Recent readings and reports turn up some provocative examples of what Brett Frischmann, Kathy Strandburg, and I call cultural commons — institutions that enable the structured sharing of knowledge and information rights and resources. The examples illustrate many of the promises and perils of institutions colored by degrees of openness and closure.

From the New York Times:  “Swatch, Supplier to Rivals, Now Aims to Cut Them Off.”

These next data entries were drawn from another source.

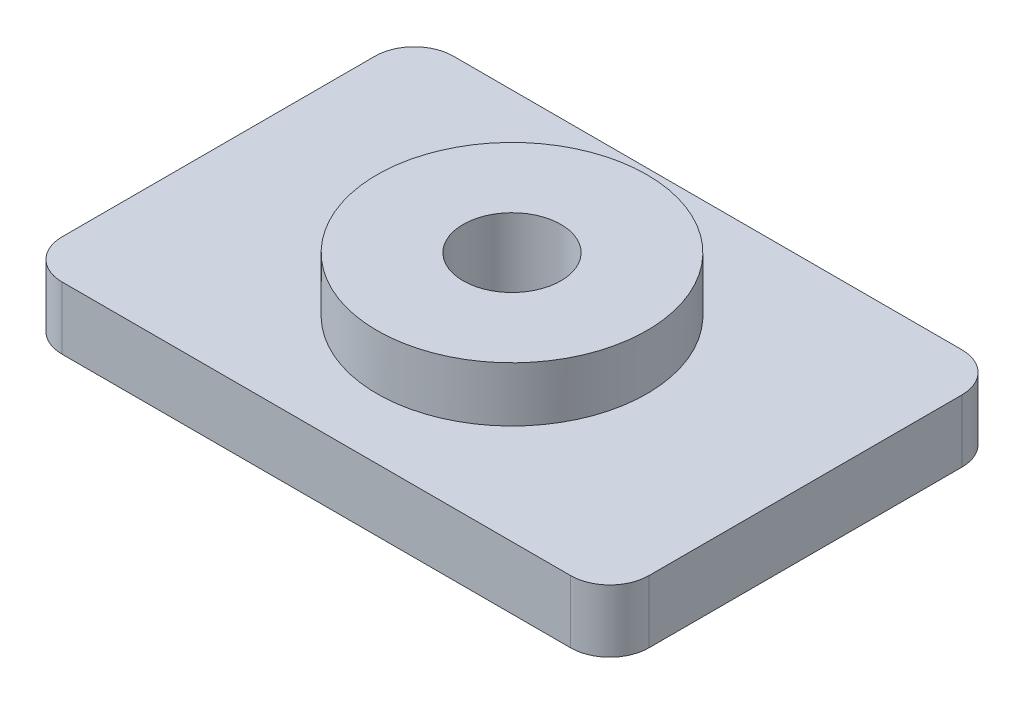
from build123d import *

# Parameters (mm, degrees)
SALIENTE_EXTRUIR1_DEPTH = 1.6
CROQUIS2_R              = 3.45
SALIENTE_EXTRUIR2_DEPTH = 1.4
CORTAR_EXTRUIR1_REACH   = 20.276
CROQUIS3_R              = 1.25


with BuildPart() as part:
    # Croquis1 → Saliente-Extruir1 (new body)
    with BuildSketch(Plane(origin=(0, 0, 0), x_dir=(1, 0, 0), z_dir=(0, 1, 0))):
        with BuildLine():
            Line((1, 0), (14, 0))
            ThreePointArc((14, 0), (14.707106781, 0.292893219), (15, 1))
            Line((15, 1), (15, 9))
            ThreePointArc((15, 9), (14.707106781, 9.707106781), (14, 10))
            Line((14, 10), (1, 10))
            ThreePointArc((1, 10), (0.292893219, 9.707106781), (0, 9))
            Line((0, 9), (0, 1))
            ThreePointArc((0, 1), (0.292893219, 0.292893219), (1, 0))
        make_face()
    extrude(amount=SALIENTE_EXTRUIR1_DEPTH)

    # Croquis2 → Saliente-Extruir2 (add)
    with BuildSketch(Plane(origin=(0, 1.6, 0), x_dir=(1, 0, 0), z_dir=(0, 1, 0))):
        with Locations(Location((7.5, 5, 0), (0, 0, 90))):
            Circle(CROQUIS2_R)
    extrude(amount=SALIENTE_EXTRUIR2_DEPTH)

    # Croquis3 → Cortar-Extruir1 (cut, up to next)
    with BuildSketch(Plane(origin=(0, 3, 0), x_dir=(1, 0, 0), z_dir=(0, 1, 0)), mode=Mode.PRIVATE) as cortar_extruir1_sk1:
        with Locations(Location((7.5, 5, 0), (0, 0, 270))):
            Circle(CROQUIS3_R)
    cortar_extruir1_tool1 = extrude(cortar_extruir1_sk1.sketch, amount=-CORTAR_EXTRUIR1_REACH, mode=Mode.PRIVATE) & part.part
    add(cortar_extruir1_tool1.solids().sort_by_distance((7.5, 3, -5))[0], mode=Mode.SUBTRACT)


solid = part.part
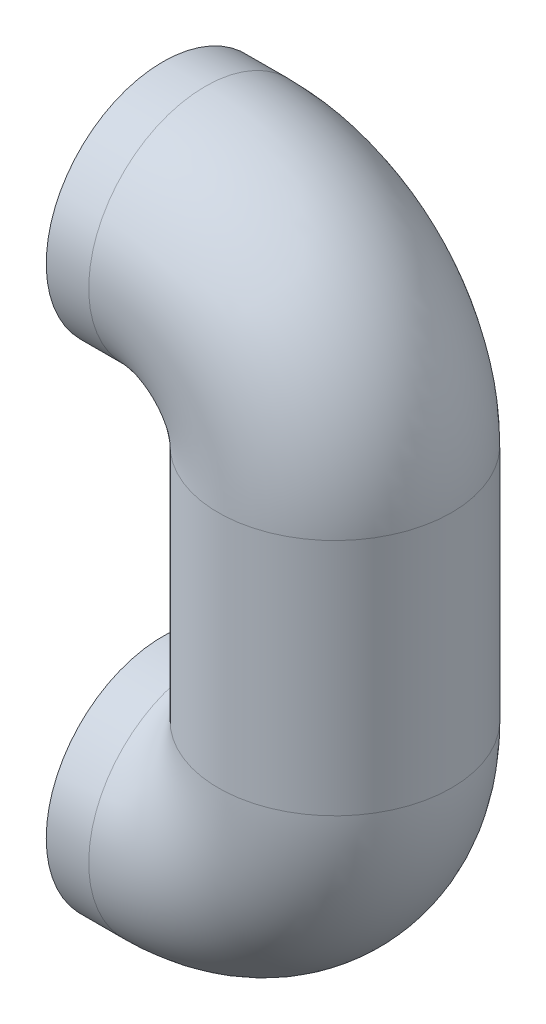
from build123d import *

# Parameters (mm, degrees)
SKETCH2_R = 22.5


with BuildPart() as part:
    # Sweep1: sweep along a path in Sketch1
    with BuildLine(Plane.XY) as sweep1_path:
        Line((0, 0), (8.2, 0))
        ThreePointArc((8.2, 0), (25.87766953, 7.32233047), (33.2, 25))
        Line((33.2, 25), (33.2, 71))
        ThreePointArc((33.2, 71), (25.87766953, 88.67766953), (8.2, 96))
        Line((8.2, 96), (0, 96))
    # Sketch2 → Sweep1 (sweep)
    with BuildSketch(Plane(origin=(0, 0, 0), x_dir=(0, 0, -1), z_dir=(1, 0, 0))):
        Circle(SKETCH2_R)
    sweep(path=sweep1_path.line)


solid = part.part
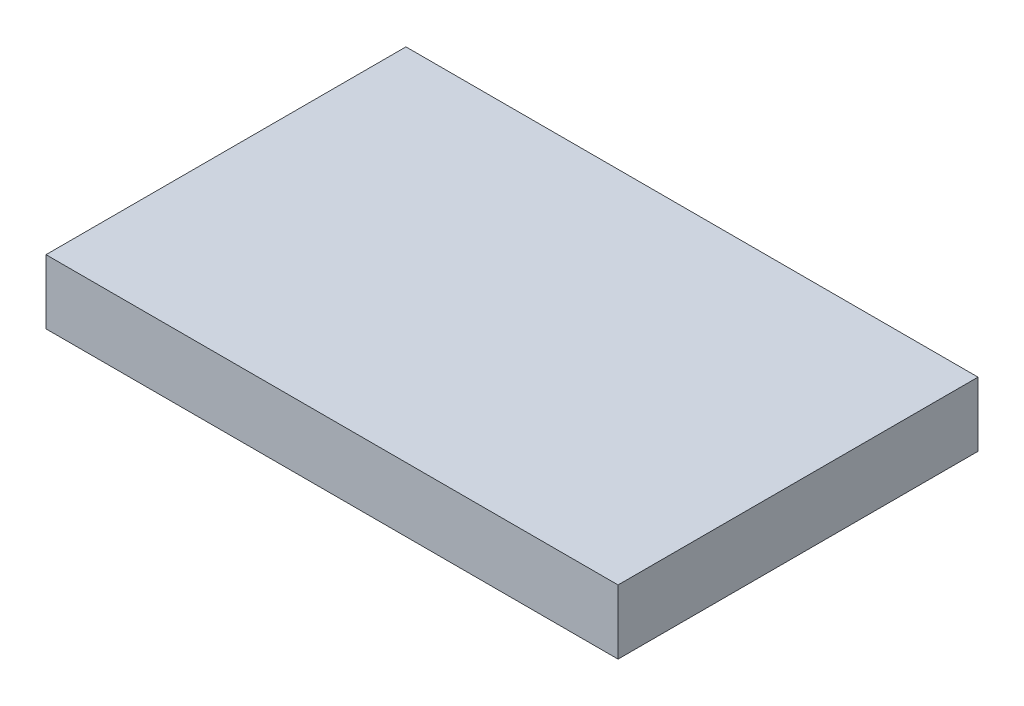
from build123d import *

# Parameters (mm, degrees)
SKETCH1_W           = 89
SKETCH1_H           = 56
BOSS_EXTRUDE1_DEPTH = 5


with BuildPart() as part:
    # Sketch1 → Boss-Extrude1 (new, symmetric)
    with BuildSketch(Plane(origin=(0, 0, 0), x_dir=(1, 0, 0), z_dir=(0, 1, 0))):
        Rectangle(SKETCH1_W, SKETCH1_H)
    extrude(amount=BOSS_EXTRUDE1_DEPTH, both=True)


solid = part.part

Swatch’s dominance of watch manufacturing dates to the early 1980s, when Nicolas G. Hayek, father of the current chief executive, was entrusted by banks to take over two indebted watch companies. He merged them and turned the combined business into a mass-volume production platform [commons, if you will] for what the company’s Web site describes as “a low-cost, high-tech, artistic and emotional second watch — the Swatch,” as well as for other brands.

The merger received the blessing of the competition authorities and was seen as a last-ditch attempt to save a sector whose work force had shrunk almost two-thirds in 15 years, to 33,000 employees in 1984.

Employment has since climbed back to 49,000, and watch companies now face the problem of recruiting enough qualified staff to meet their orders.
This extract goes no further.